# Custom Murray Eliminator project



## bobbystillz (Jul 3, 2020)




----------



## Mr. Monkeyarms (Jul 4, 2020)

I dig it Bobby! 

Dig your new avatar as well! I had a t-shirt with that on the front. Please continue.


----------



## 49autocycledeluxe (Jul 7, 2020)

I used to be a lert. it wasn't easy.


----------



## bobbystillz (Jul 14, 2020)

Coming along...


----------



## bobbystillz (Jul 16, 2020)

My bracing finally arrived so now I can take a break from the fork and work on some other parts of the build.


----------



## bobbystillz (Aug 3, 2020)

Current events...


----------



## bobbystillz (Oct 18, 2020)

Realized it's been a while since I posted an update.
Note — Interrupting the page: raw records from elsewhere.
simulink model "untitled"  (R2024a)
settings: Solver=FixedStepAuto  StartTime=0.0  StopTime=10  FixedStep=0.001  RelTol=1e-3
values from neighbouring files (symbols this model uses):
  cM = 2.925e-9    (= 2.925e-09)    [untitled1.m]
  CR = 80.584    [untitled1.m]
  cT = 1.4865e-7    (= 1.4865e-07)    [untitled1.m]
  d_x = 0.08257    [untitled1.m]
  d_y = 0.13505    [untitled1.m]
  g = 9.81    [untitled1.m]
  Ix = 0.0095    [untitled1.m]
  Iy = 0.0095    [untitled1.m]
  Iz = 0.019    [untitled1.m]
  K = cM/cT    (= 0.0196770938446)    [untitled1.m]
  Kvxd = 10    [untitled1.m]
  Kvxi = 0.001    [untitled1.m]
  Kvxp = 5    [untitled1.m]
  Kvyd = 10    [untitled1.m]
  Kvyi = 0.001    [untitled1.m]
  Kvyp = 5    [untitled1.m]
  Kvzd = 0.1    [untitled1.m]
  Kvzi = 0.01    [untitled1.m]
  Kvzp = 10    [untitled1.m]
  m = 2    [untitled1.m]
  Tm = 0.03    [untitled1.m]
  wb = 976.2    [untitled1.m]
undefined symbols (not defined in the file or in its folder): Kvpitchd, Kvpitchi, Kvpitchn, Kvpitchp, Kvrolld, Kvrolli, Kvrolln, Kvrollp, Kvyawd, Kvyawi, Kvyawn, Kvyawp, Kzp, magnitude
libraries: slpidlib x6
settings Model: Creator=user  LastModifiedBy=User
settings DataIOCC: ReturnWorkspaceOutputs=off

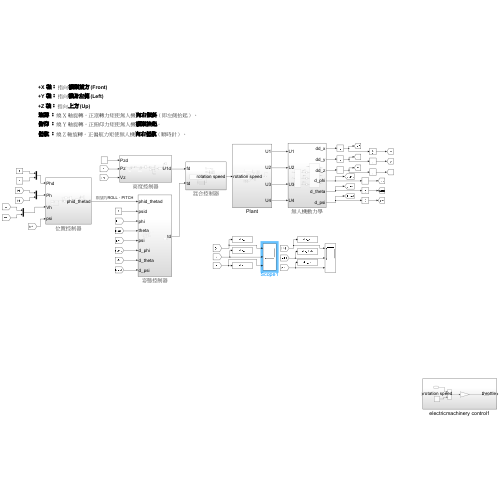
[thumbnail: Simulink's stored preview of the top-level diagram]
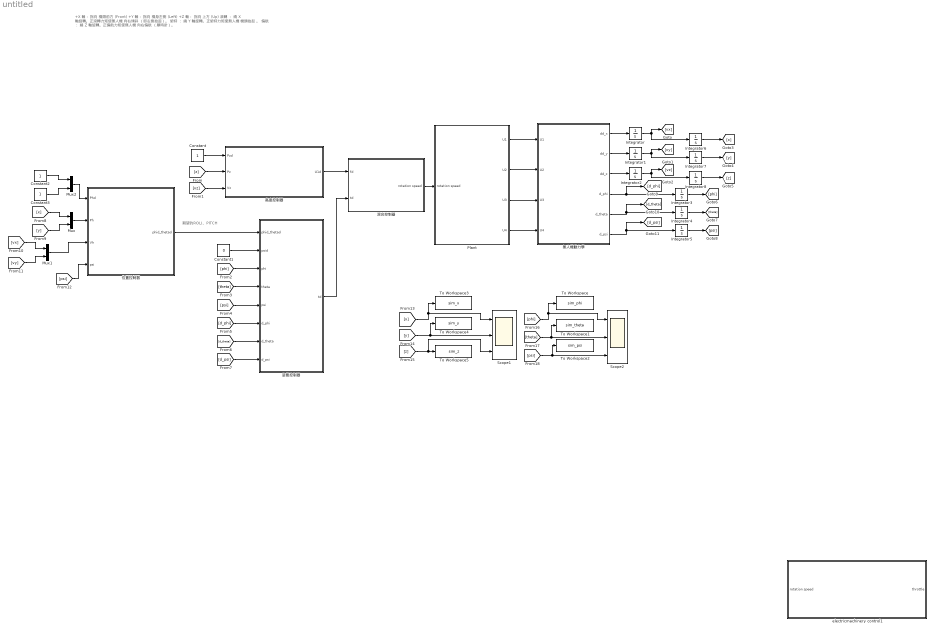
== system untitled ==
  note: +X 軸： 指向 機頭前方 (Front)
      | +Y 軸： 指向 機身左側 (Left)
      | +Z 軸： 指向 上方 (Up)
      | 滾轉 ： 繞 X 軸旋轉。正滾轉力矩使無人機 向右傾斜 （即左側抬起）。
      | 俯仰 ： 繞 Y 軸旋轉。正俯仰力矩使無人機 機頭抬起 。
      | 偏航 ： 繞 Z 軸旋轉。正偏航力矩使無人機 向右偏航 （順時針）。
  note: 期望的ROLL、PITCH
  Constant : Constant
  Constant1 : Constant  Value=0
  Constant2 : Constant
  Constant3 : Constant
  Integrator{,1..8} (9 alike) : Integrator
  Mux : Mux  Inputs=2
  Mux1 : Mux  Inputs=2
  Mux2 : Mux  Inputs=2
  Plant : Subsystem
  Scope1 : Scope  NumInputPorts=3
  Scope2 : Scope  NumInputPorts=3
  To Workspace : ToWorkspace  VariableName=sim_phi  SampleTime=-1
  To Workspace1 : ToWorkspace  VariableName=sim_theta  SampleTime=-1
  To Workspace2 : ToWorkspace  VariableName=sim_psi  SampleTime=-1
  To Workspace3 : ToWorkspace  VariableName=sim_x  SampleTime=-1
  To Workspace4 : ToWorkspace  VariableName=sim_y  SampleTime=-1
  To Workspace5 : ToWorkspace  VariableName=sim_z  SampleTime=-1
  electricmachinery control1 : Subsystem
  位置控制器 : Subsystem
  姿態控制器 : Subsystem
  混合控制器 : Subsystem
  無人機動力學 : Subsystem
  高度控制器 : Subsystem
  wires:
  無人機動力學/1(dd_x) -> Integrator/1
  無人機動力學/2(dd_y) -> Integrator1/1
  無人機動力學/3(dd_z) -> Integrator2/1
  無人機動力學/4(d_phi) -> Integrator3/1, [d_phi]
  無人機動力學/5(d_theta) -> Integrator4/1, [d_theta]
  無人機動力學/6(d_psi) -> Integrator5/1, [d_psi]
  Integrator/1 -> Integrator6/1, [vx]
  Integrator1/1 -> Integrator7/1, [vy]
  Integrator2/1 -> Integrator8/1, [vz]
  Integrator8/1 -> [z]
  Integrator7/1 -> [y]
  Integrator6/1 -> [x]
  Integrator3/1 -> [phi]
  Integrator4/1 -> [theta]
  Integrator5/1 -> [psi]
  高度控制器/1(U1d) -> 混合控制器/1(fd)
  Constant/1 -> 高度控制器/1(Pzd)
  [z] -> 高度控制器/2(Pz)
  [vz] -> 高度控制器/3(Vz)
  位置控制器/1(phid_thetad) -> 姿態控制器/1(phid_thetad)
  Constant1/1 -> 姿態控制器/2(psid)
  [phi] -> 姿態控制器/3(phi)
  [theta] -> 姿態控制器/4(theta)
  [d_psi] -> 姿態控制器/8(d_psi)
  [psi] -> 姿態控制器/5(psi)
  [d_phi] -> 姿態控制器/6(d_phi)
  [d_theta] -> 姿態控制器/7(d_theta)
  姿態控制器/1(td) -> 混合控制器/2(td)
  Mux/1 -> 位置控制器/2(Ph)
  [x] -> Mux/1
  [y] -> Mux/2
  [vx] -> Mux1/1
  [vy] -> Mux1/2
  Mux1/1 -> 位置控制器/3(Vh)
  [psi] -> 位置控制器/4(psi)
  Constant2/1 -> Mux2/1
  Constant3/1 -> Mux2/2
  Mux2/1 -> 位置控制器/1(Phd)
  [y] -> To Workspace4/1, Scope1/2
  [x] -> Scope1/1, To Workspace3/1
  [z] -> To Workspace5/1, Scope1/3
  [phi] -> To Workspace/1, Scope2/1
  [theta] -> To Workspace1/1, Scope2/2
  [psi] -> To Workspace2/1, Scope2/3
  混合控制器/1(rotation speed) -> Plant/1(rotation speed)
  Plant/4(U4) -> 無人機動力學/4(U4)
  Plant/3(U3) -> 無人機動力學/3(U3)
  Plant/2(U2) -> 無人機動力學/2(U2)
  Plant/1(U1) -> 無人機動力學/1(U1)

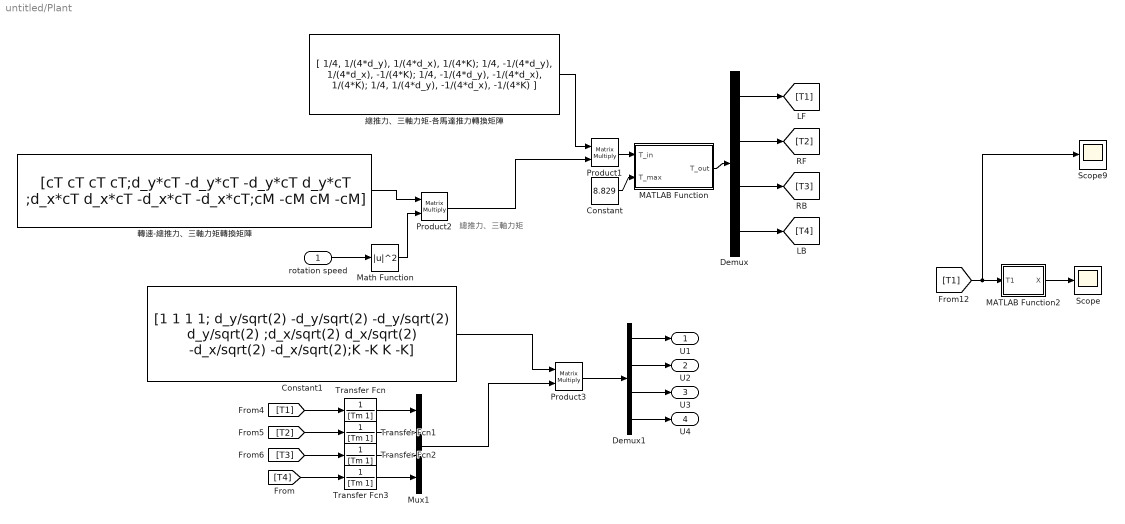
== system untitled/Plant ==
  note: 總推力、三軸力矩
  rotation speed : Inport
  Constant : Constant  Value=8.829
  Constant1 : Constant  Value=[1 1 1 1; d_y/sqrt(2) -d_y/sqrt(2) -d_y/sqrt(2) d_y/sqrt(2) ;d_x/sqrt(2) d_x/sqrt(2) -d_x/sqrt(2) -d_x/sqrt(2);K -K K -K]
  Demux : Demux
  Demux1 : Demux
  MATLAB Function : MATLAB Function  TreatAsAtomicUnit=on
  MATLAB Function2 : MATLAB Function  TreatAsAtomicUnit=on
  Math Function : Math  Operator=magnitude^2
  Mux1 : Mux
  Product1 : Product  Multiplication=Matrix(*)
  Product2 : Product  Multiplication=Matrix(*)
  Product3 : Product  Multiplication=Matrix(*)
  Scope : Scope
  Scope9 : Scope
  Transfer Fcn{,1..3} (4 alike) : TransferFcn  Denominator=[Tm 1]
  總推力、三軸力矩-各馬達推力轉換矩陣 : Constant  Value=|
      | [ 1/4,    1/(4*d_y),    1/(4*d_x),    1/(4*K);
      |   1/4,   -1/(4*d_y),    1/(4*d_x),   -1/(4*K);
      |   1/4,   -1/(4*d_y),   -1/(4*d_x),    1/(4*K);
      |   1/4,    1/(4*d_y),   -1/(4*d_x),   -1/(4*K) ]
  轉速-總推力、三軸力矩轉換矩陣 : Constant  Value=[cT cT cT cT;d_y*cT -d_y*cT -d_y*cT d_y*cT ;d_x*cT d_x*cT -d_x*cT -d_x*cT;cM -cM cM -cM]
  U1 : Outport
  U2 : Outport  Port=2
  U3 : Outport  Port=3
  U4 : Outport  Port=4
  wires:
  Constant1/1 -> Product3/1
  [T1] -> Scope9/1, MATLAB Function2/1(T1)
  MATLAB Function2/1(X) -> Scope/1
  Product3/1 -> Demux1/1
  Demux1/3 -> U3/1
  Demux1/4 -> U4/1
  Demux1/1 -> U1/1
  Demux1/2 -> U2/1
  Demux/1 -> [T1]
  Demux/2 -> [T2]
  Demux/3 -> [T3]
  Demux/4 -> [T4]
  總推力、三軸力矩-各馬達推力轉換矩陣/1 -> Product1/1
  轉速-總推力、三軸力矩轉換矩陣/1 -> Product2/1
  Transfer Fcn/1 -> Mux1/1
  Transfer Fcn1/1 -> Mux1/2
  Transfer Fcn2/1 -> Mux1/3
  Transfer Fcn3/1 -> Mux1/4
  Product2/1 -> Product1/2
  rotation speed/1 -> Math Function/1
  [T1] -> Transfer Fcn/1
  [T2] -> Transfer Fcn1/1
  [T3] -> Transfer Fcn2/1
  [T4] -> Transfer Fcn3/1
  Math Function/1 -> Product2/2
  Mux1/1 -> Product3/2
  MATLAB Function/1(T_out) -> Demux/1
  Product1/1 -> MATLAB Function/1(T_in)
  Constant/1 -> MATLAB Function/2(T_max)

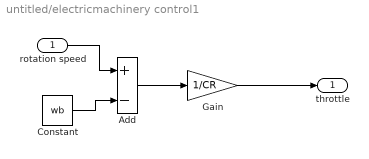
== system untitled/electricmachinery control1 ==
  rotation speed : Inport
  Add : Sum  Inputs=+-
  Constant : Constant  Value=wb
  Gain : Gain  Gain=1/CR
  throttle : Outport
  wires:
  Add/1 -> Gain/1
  rotation speed/1 -> Add/1
  Constant/1 -> Add/2
  Gain/1 -> throttle/1

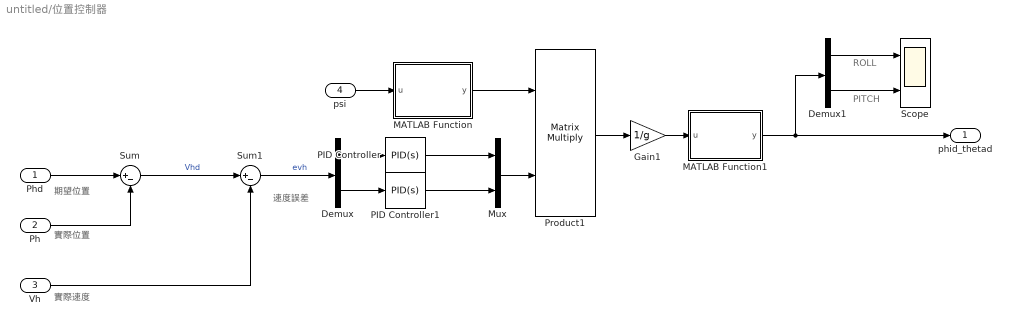
== system untitled/位置控制器 ==
  note: ROLL
  note: 期望位置
  note: 實際位置
  note: 實際速度
  note: 速度誤差
  note: PITCH
  Phd : Inport
  Ph : Inport  Port=2
  Vh : Inport  Port=3
  psi : Inport  Port=4
  Demux : Demux  Outputs=2
  Demux1 : Demux  Outputs=2
  Gain1 : Gain  Gain=1/g
  MATLAB Function : MATLAB Function  TreatAsAtomicUnit=on
  MATLAB Function1 : MATLAB Function  TreatAsAtomicUnit=on
  Mux : Mux  Inputs=2
  PID Controller : slpidlib/PID Controller  Controller=PID  Form=Parallel  TimeDomain=Continuous-time  UseExternalTs=off  SampleTime=-1  IntegratorMethod=Forward Euler  FilterMethod=Forward Euler  ControllerParametersSource=internal  P=Kvxp  I=Kvxi  UseKiTs=off  D=Kvxd  UseExternalDerivativeSource=off  N=100  UseFilter=on  TunerSelectOption=Transfer Function Based (PID Tuner App)  InitialConditionSource=internal  InitialConditionForIntegrator=0  InitialConditionForFilter=0  DifferentiatorICPrevScaledInput=0  ExternalReset=none  TrackingMode=off  Kt=1  LimitOutput=off  SatLimitsSource=internal  UpperSaturationLimit=inf  LowerSaturationLimit=-inf  LinearizeAsGain=on  AntiWindupMode=none  Kb=1  LimitIntegrator=off  UpperIntegratorSaturationLimit=inf  LowerIntegratorSaturationLimit=-inf  POutMin=[]  POutMax=[]  IOutMin=[]  IOutMax=[]  DOutMin=[]  DOutMax=[]  NOutMin=[]  NOutMax=[]  SumOutMin=[]  SumOutMax=[]  SaturationOutMin=[]  SaturationOutMax=[]  PParamMin=[]  PParamMax=[]  IParamMin=[]  IParamMax=[]  DParamMin=[]  DParamMax=[]  NParamMin=[]  NParamMax=[]  KbParamMin=[]  KbParamMax=[]  KtParamMin=[]  KtParamMax=[]  KbOutMin=[]  KbOutMax=[]  KtOutMin=[]  KtOutMax=[]  IntegratorOutMin=[]  IntegratorOutMax=[]  FilterOutMin=[]  FilterOutMax=[]  SumI1OutMin=[]  SumI1OutMax=[]  SumI2OutMin=[]  SumI2OutMax=[]  SumI3OutMin=[]  SumI3OutMax=[]  SumI4OutMin=[]  SumI4OutMax=[]  SumDOutMin=[]  SumDOutMax=[]  DifferentiatorOutMin=[]  DifferentiatorOutMax=[]  FilterDiffOutCoefMin=[]  FilterDiffOutCoefMax=[]  ReciprocalOutMin=[]  ReciprocalOutMax=[]  SumDenOutMin=[]  SumDenOutMax=[]  SumNumOutMin=[]  SumNumOutMax=[]  DivideOutMin=[]  DivideOutMax=[]  UdiffTsProdOutMin=[]  UdiffTsProdOutMax=[]  NTsProdOutMin=[]  NTsProdOutMax=[]  UintegralTsProdOutMin=[]  UintegralTsProdOutMax=[]  UngainTsProdOutMin=[]  UngainTsProdOutMax=[]  ClampingZeroOutDataTypeStr=Inherit: Inherit via back propagation  ClampingZeroOutMin=[]  ClampingZeroOutMax=[]  FilterDenConstantOutDataTypeStr=Inherit: Inherit via back propagation  FilterDenConstantOutMin=[]  FilterDenConstantOutMax=[]  PCopyOutDataTypeStr=Inherit: Inherit via back propagation  PCopyOutMin=[]  PCopyOutMax=[]  NCopyOutDataTypeStr=Inherit: Inherit via back propagation  NCopyOutMin=[]  NCopyOutMax=[]  IntegratorContinuousStateAttributes=''  IntegratorStateMustResolveToSignalObject=off  IntegratorRTWStateStorageClass=Auto  FilterContinuousStateAttributes=''  FilterStateMustResolveToSignalObject=off  FilterRTWStateStorageClass=Auto  ParallelPVariant=InternalParameters  IdealPVariant=Disabled  IVariant=InternalParameters  DVariant=InternalParameters  IntegratorVariant=Continuous  SatVariant=Disabled  AWVariant=Passthrough  PCopyVariant=Disabled  TRVariant=Disabled  FdbkBlocksVariant=Forward  IdealPFdbkVariant=Disabled  SatFdbkVariant=Disabled  DerivativeFilterVariant=ContFilter  NVariant=InternalParameters  NCopyVariant=Disabled  FilterICVariant=InternalICsFilter  IntegratorICVariant=InternalICs  ExternalResetVariant=Disabled  TRSumVariant=Passthrough  SumFdbkVariant=Disabled  SumVariant=Sum_PID  TsampFilterVariant=InternalTs  TsampNgainVariant=Passthrough  TsampIntegralVariant=Disabled_SignalSpec  ExternalSaturationOutDataTypeStr=Inherit: Same as second input  DerivativeSourceVariant=ErrorSignal
  PID Controller1 : slpidlib/PID Controller  Controller=PID  Form=Parallel  TimeDomain=Continuous-time  UseExternalTs=off  SampleTime=-1  IntegratorMethod=Forward Euler  FilterMethod=Forward Euler  ControllerParametersSource=internal  P=Kvyp  I=Kvyi  UseKiTs=off  D=Kvyd  UseExternalDerivativeSource=off  N=100  UseFilter=on  TunerSelectOption=Transfer Function Based (PID Tuner App)  InitialConditionSource=internal  InitialConditionForIntegrator=0  InitialConditionForFilter=0  DifferentiatorICPrevScaledInput=0  ExternalReset=none  TrackingMode=off  Kt=1  LimitOutput=off  SatLimitsSource=internal  UpperSaturationLimit=inf  LowerSaturationLimit=-inf  LinearizeAsGain=on  AntiWindupMode=none  Kb=1  LimitIntegrator=off  UpperIntegratorSaturationLimit=inf  LowerIntegratorSaturationLimit=-inf  POutMin=[]  POutMax=[]  IOutMin=[]  IOutMax=[]  DOutMin=[]  DOutMax=[]  NOutMin=[]  NOutMax=[]  SumOutMin=[]  SumOutMax=[]  SaturationOutMin=[]  SaturationOutMax=[]  PParamMin=[]  PParamMax=[]  IParamMin=[]  IParamMax=[]  DParamMin=[]  DParamMax=[]  NParamMin=[]  NParamMax=[]  KbParamMin=[]  KbParamMax=[]  KtParamMin=[]  KtParamMax=[]  KbOutMin=[]  KbOutMax=[]  KtOutMin=[]  KtOutMax=[]  IntegratorOutMin=[]  IntegratorOutMax=[]  FilterOutMin=[]  FilterOutMax=[]  SumI1OutMin=[]  SumI1OutMax=[]  SumI2OutMin=[]  SumI2OutMax=[]  SumI3OutMin=[]  SumI3OutMax=[]  SumI4OutMin=[]  SumI4OutMax=[]  SumDOutMin=[]  SumDOutMax=[]  DifferentiatorOutMin=[]  DifferentiatorOutMax=[]  FilterDiffOutCoefMin=[]  FilterDiffOutCoefMax=[]  ReciprocalOutMin=[]  ReciprocalOutMax=[]  SumDenOutMin=[]  SumDenOutMax=[]  SumNumOutMin=[]  SumNumOutMax=[]  DivideOutMin=[]  DivideOutMax=[]  UdiffTsProdOutMin=[]  UdiffTsProdOutMax=[]  NTsProdOutMin=[]  NTsProdOutMax=[]  UintegralTsProdOutMin=[]  UintegralTsProdOutMax=[]  UngainTsProdOutMin=[]  UngainTsProdOutMax=[]  ClampingZeroOutDataTypeStr=Inherit: Inherit via back propagation  ClampingZeroOutMin=[]  ClampingZeroOutMax=[]  FilterDenConstantOutDataTypeStr=Inherit: Inherit via back propagation  FilterDenConstantOutMin=[]  FilterDenConstantOutMax=[]  PCopyOutDataTypeStr=Inherit: Inherit via back propagation  PCopyOutMin=[]  PCopyOutMax=[]  NCopyOutDataTypeStr=Inherit: Inherit via back propagation  NCopyOutMin=[]  NCopyOutMax=[]  IntegratorContinuousStateAttributes=''  IntegratorStateMustResolveToSignalObject=off  IntegratorRTWStateStorageClass=Auto  FilterContinuousStateAttributes=''  FilterStateMustResolveToSignalObject=off  FilterRTWStateStorageClass=Auto  ParallelPVariant=InternalParameters  IdealPVariant=Disabled  IVariant=InternalParameters  DVariant=InternalParameters  IntegratorVariant=Continuous  SatVariant=Disabled  AWVariant=Passthrough  PCopyVariant=Disabled  TRVariant=Disabled  FdbkBlocksVariant=Forward  IdealPFdbkVariant=Disabled  SatFdbkVariant=Disabled  DerivativeFilterVariant=ContFilter  NVariant=InternalParameters  NCopyVariant=Disabled  FilterICVariant=InternalICsFilter  IntegratorICVariant=InternalICs  ExternalResetVariant=Disabled  TRSumVariant=Passthrough  SumFdbkVariant=Disabled  SumVariant=Sum_PID  TsampFilterVariant=InternalTs  TsampNgainVariant=Passthrough  TsampIntegralVariant=Disabled_SignalSpec  ExternalSaturationOutDataTypeStr=Inherit: Same as second input  DerivativeSourceVariant=ErrorSignal
  Product1 : Product  Multiplication=Matrix(*)
  Scope : Scope  NumInputPorts=2
  Sum : Sum  Inputs=|+-
  Sum1 : Sum  Inputs=|+-
  phid_thetad : Outport
  wires:
  Gain1/1 -> MATLAB Function1/1(u)
  Phd/1 -> Sum/1
  Demux/1 -> PID Controller/1
  Ph/1 -> Sum/2
  psi/1 -> MATLAB Function/1(u)
  Product1/1 -> Gain1/1
  PID Controller/1 -> Mux/1
  Demux/2 -> PID Controller1/1
  Sum1/1 -> Demux/1  "evh"
  Mux/1 -> Product1/2
  Vh/1 -> Sum1/2
  Sum/1 -> Sum1/1  "Vhd"
  MATLAB Function1/1(y) -> Demux1/1, phid_thetad/1
  MATLAB Function/1(y) -> Product1/1
  PID Controller1/1 -> Mux/2
  Demux1/1 -> Scope/1
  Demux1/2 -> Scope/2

Almost finished! I painted box pins but left the rest bare metal. They are light pink with a flake and a dark pink pinstripe around the border. I need to add a few more details, but I am 95% done.


----------



## bobbystillz (Oct 18, 2020)

I cut a window in the moon disc for access to the valve stem, and added a little graffiti to create a shadow box effect.


----------



## bobbystillz (Oct 18, 2020)

And here's what 95% done looks like lol!


----------



## Colonel Mustard (Oct 18, 2020)

@Superman1984  here's another flipped stem setup for you courtesy of @bobbystillz


----------



## Superman1984 (Oct 18, 2020)

@bobbystillz @Captain Awesome Thank You both for Your Bike Skills & Awesome Info!


----------



## Colonel Mustard (Oct 18, 2020)

Superman1984 said:


> @bobbystillz @Captain Awesome Thank You both for Your Bike Skills & Awesome Info!



@bobbystillz should be called bobbyskillz


----------



## bobbystillz (Oct 18, 2020)

Captain Awesome said:


> @bobbystillz should be called bobbyskillz



Lol! Thanks @Captain Awesome , I appreciate that.


----------